The following are limitations when using MongoDB as a source for AWS DMS:

  • When the extractDocID parameter is set to true, the ID string cannot exceed 200 characters.

  • The MongoDB parameter ObjectId is a string with a limit of 200 characters. It includes the JSON structure of the id object: { "_id" : { "$oid" : "581730b9e85de3f180fd571e" } } and is used as the primary key in the target database.

  • Collection names cannot include the dollar symbol ($).

  • Secondary nodes cannot be used as source endpoints.

Configuration Properties When Using MongoDB as a Source for AWS Database Migration Service

When you set up your MongoDB source endpoint, you can specify additional configuration settings attributes. Attributes are specified by key-value pairs and separated by semicolons.

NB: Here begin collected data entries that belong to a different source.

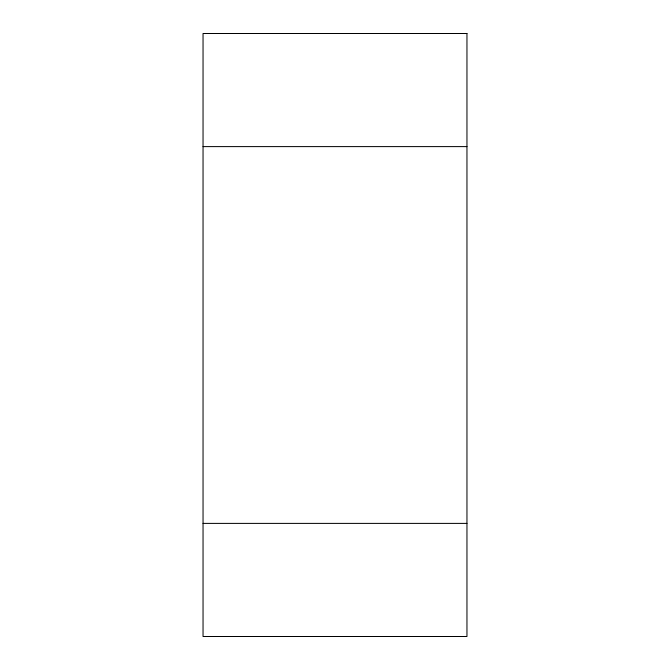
<?xml version="1.0" encoding="UTF-8"?>
<svg xmlns="http://www.w3.org/2000/svg" width="670" height="670" viewBox="0 0 670 670"><rect width="100%" height="100%" fill="white"/><g stroke="black" fill="none" stroke-linecap="round" stroke-linejoin="round"><path stroke-width="1" d="M203.043 146.604L466.956 146.604M203.043 523.396L466.956 523.396M466.956 33.5L203.043 33.5L203.043 636.5L466.956 636.5L466.956 33.5"/></g></svg>
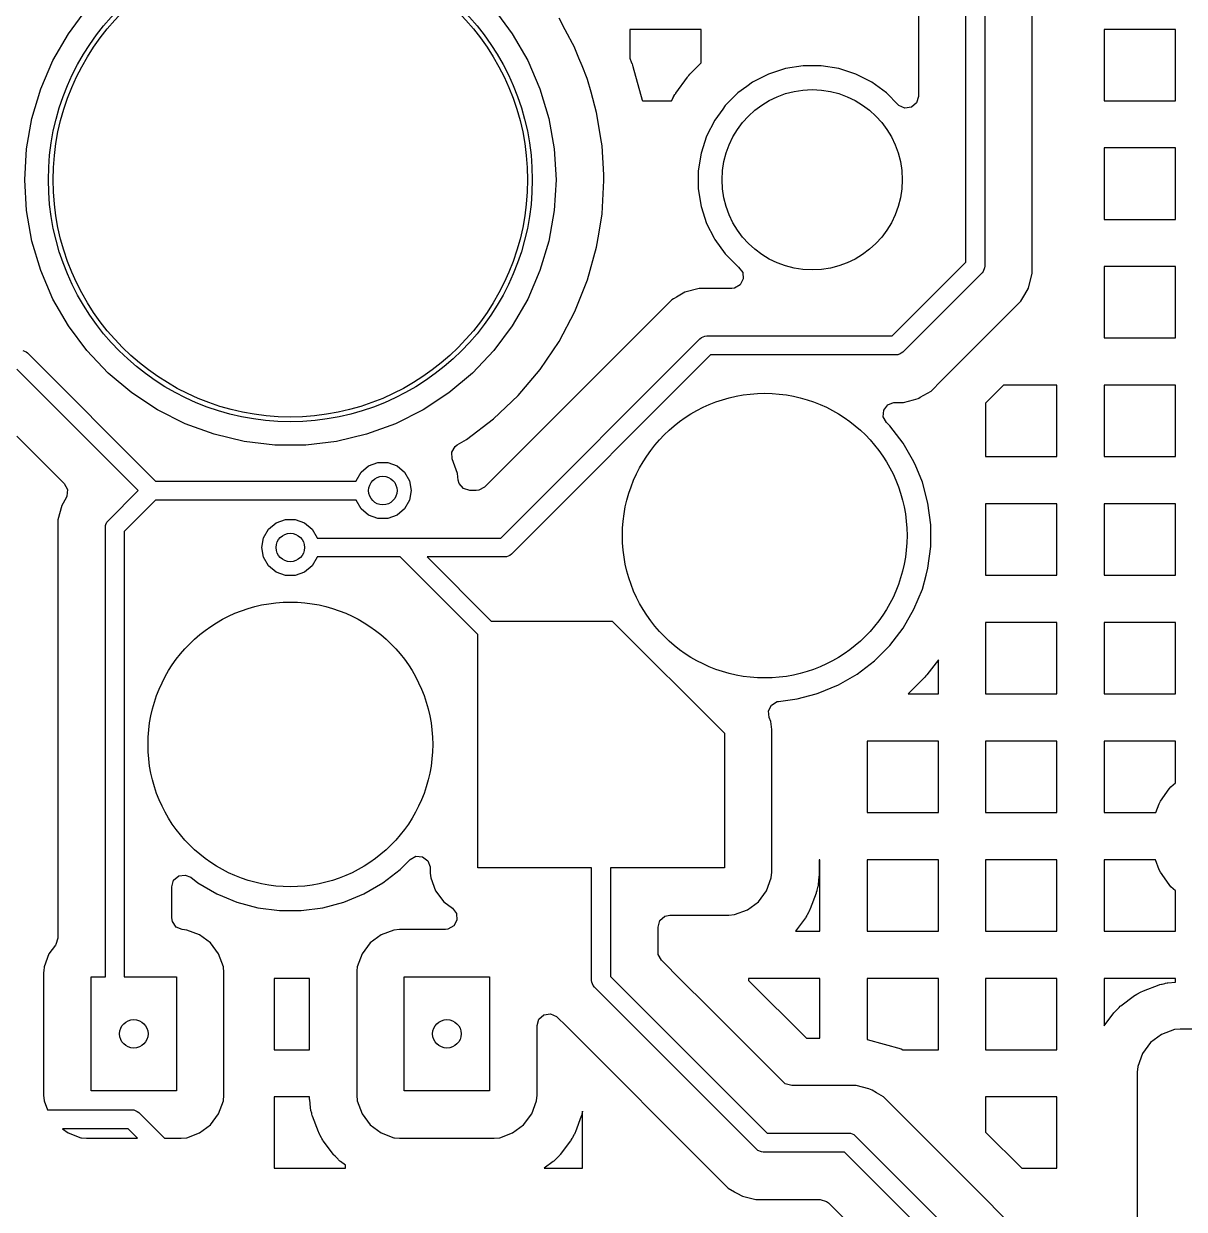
# Model space of a CAD drawing. Extents: x 2.49 to 8.57, y -5.87 to -1.87.
# Drawn here: x 5.2468 to 5.7284, y -3.354 to -2.8621 of the extents above; entities that cross this region are included whole.
import ezdxf

# ---------------------------------------------------------------- set-up
doc = ezdxf.new("R2010")
doc.units = 0
doc.header["$MEASUREMENT"] = 0
doc.layers.add('BLACK', color=7, linetype='CONTINUOUS')

msp = doc.modelspace()

# ---------------------------------------------------------------- linework, layer by layer
at = {"layer": 'BLACK', "linetype": 'CONTINUOUS'}
for p, q in [((5.6378, -2.96106), (5.6378, -2.79106)), ((5.64567, -2.79106), (5.64567, -2.96269)), ((5.61809, -2.81564), (5.61809, -2.89233)), ((5.66537, -2.89409), (5.66537, -2.83037)), ((5.26538, -2.86631), (5.27303, -2.85603)), ((5.44193, -2.85603), (5.44958, -2.86631)), ((5.47154, -2.86462), (5.46898, -2.85979)), ((5.25897, -2.87741), (5.26538, -2.86631)), ((5.44958, -2.86631), (5.45599, -2.87741)), ((5.47555, -2.87217), (5.47154, -2.86462)), ((5.52796, -2.86449), (5.49835, -2.86449)), ((5.49835, -2.86449), (5.49835, -2.87642)), ((5.52796, -2.87837), (5.52796, -2.86449)), ((5.72481, -2.86449), (5.6952, -2.86449)), ((5.6952, -2.86449), (5.6952, -2.89409)), ((5.72481, -2.89409), (5.72481, -2.86449)), ((5.47558, -2.87224), (5.47555, -2.87217)), ((5.47725, -2.87642), (5.47558, -2.87224)), ((5.47558, -2.87224), (5.47558, -2.87224)), ((5.47852, -2.87962), (5.47725, -2.87642)), ((5.49835, -2.87642), (5.49911, -2.87832)), ((5.25389, -2.88918), (5.25897, -2.87741)), ((5.45599, -2.87741), (5.46107, -2.88918)), ((5.48059, -2.88481), (5.47852, -2.87962)), ((5.49911, -2.87832), (5.49916, -2.87845)), ((5.49916, -2.87845), (5.49925, -2.87869)), ((5.49925, -2.87869), (5.49929, -2.87882)), ((5.49929, -2.87882), (5.49946, -2.87932)), ((5.49946, -2.87932), (5.49951, -2.87945)), ((5.49951, -2.87945), (5.49958, -2.8797)), ((5.49958, -2.8797), (5.49962, -2.87983)), ((5.49962, -2.87983), (5.50353, -2.89392)), ((5.52383, -2.8825), (5.52796, -2.87837)), ((5.56295, -2.88078), (5.55587, -2.88308)), ((5.5703, -2.87962), (5.56295, -2.88078)), ((5.57774, -2.87962), (5.5703, -2.87962)), ((5.5703, -2.87962), (5.5703, -2.87962)), ((5.58508, -2.88078), (5.57774, -2.87962)), ((5.57774, -2.87962), (5.57774, -2.87962)), ((5.59216, -2.88308), (5.58508, -2.88078)), ((5.4808, -2.88533), (5.48059, -2.88481)), ((5.48225, -2.89054), (5.4808, -2.88533)), ((5.4808, -2.88533), (5.4808, -2.88533)), ((5.5175, -2.8909), (5.52233, -2.88426)), ((5.52233, -2.88426), (5.52245, -2.8841)), ((5.52245, -2.8841), (5.52268, -2.8838)), ((5.52268, -2.8838), (5.52281, -2.88365)), ((5.52281, -2.88365), (5.52331, -2.88307)), ((5.52331, -2.88307), (5.52343, -2.88292)), ((5.52343, -2.88292), (5.5237, -2.88264)), ((5.5237, -2.88264), (5.52383, -2.8825)), ((5.54924, -2.88646), (5.54688, -2.88818)), ((5.55587, -2.88308), (5.54924, -2.88646)), ((5.59796, -2.88604), (5.59216, -2.88308)), ((5.59879, -2.88646), (5.59796, -2.88604)), ((5.60481, -2.89083), (5.59879, -2.88646)), ((5.25022, -2.90146), (5.25389, -2.88918)), ((5.46107, -2.88918), (5.46475, -2.90146)), ((5.48457, -2.89891), (5.48225, -2.89054)), ((5.51667, -2.8922), (5.51708, -2.89154)), ((5.51708, -2.89154), (5.51718, -2.89138)), ((5.51718, -2.89138), (5.51739, -2.89106)), ((5.51739, -2.89106), (5.5175, -2.8909)), ((5.54323, -2.89083), (5.53797, -2.89609)), ((5.54688, -2.88818), (5.54323, -2.89083)), ((5.54323, -2.89083), (5.54323, -2.89083)), ((5.54323, -2.89083), (5.54323, -2.89083)), ((5.60976, -2.89578), (5.60481, -2.89083)), ((5.60481, -2.89083), (5.60481, -2.89083)), ((5.50353, -2.89392), (5.50357, -2.89405)), ((5.50357, -2.89405), (5.50358, -2.89409)), ((5.50358, -2.89409), (5.51567, -2.89409)), ((5.51567, -2.89409), (5.5163, -2.89287)), ((5.5163, -2.89287), (5.51639, -2.8927)), ((5.51639, -2.8927), (5.51658, -2.89236)), ((5.51658, -2.89236), (5.51667, -2.8922)), ((5.53797, -2.89609), (5.53688, -2.89759)), ((5.53797, -2.89609), (5.53797, -2.89609)), ((5.53797, -2.89609), (5.53797, -2.89609)), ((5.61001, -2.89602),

For example, the following code specifies that user name and password are not used for authentication, and that table mode is used.

The following table describes the configuration properties available when using MongoDB databases as an AWS Database Migration Service source database.

Attribute Name Valid Values Default Value and Description

authType

NO

PASSWORD

PASSWORD – When NO is selected, user name and password parameters are not used and can be empty.

authMechanism

DEFAULT

MONGODB_CR

SCRAM_SHA_1

DEFAULT – For MongoDB version 2.x, use MONGODB_CR. For MongoDB version 3.x, use SCRAM_SHA_1. This attribute is not used when authType=No.

nestingLevel

NONE

ONE

NONE – Specify NONE to use document mode. Specify ONE to use table mode.

extractDocID

true

false

false – Use this attribute when nestingLevel is set to NONE.

docsToInvestigate

A positive integer greater than 0.

1000 – Use this attribute when nestingLevel is set to ONE.

authSource

A valid MongoDB database name.

admin – This attribute is not used when authType=No.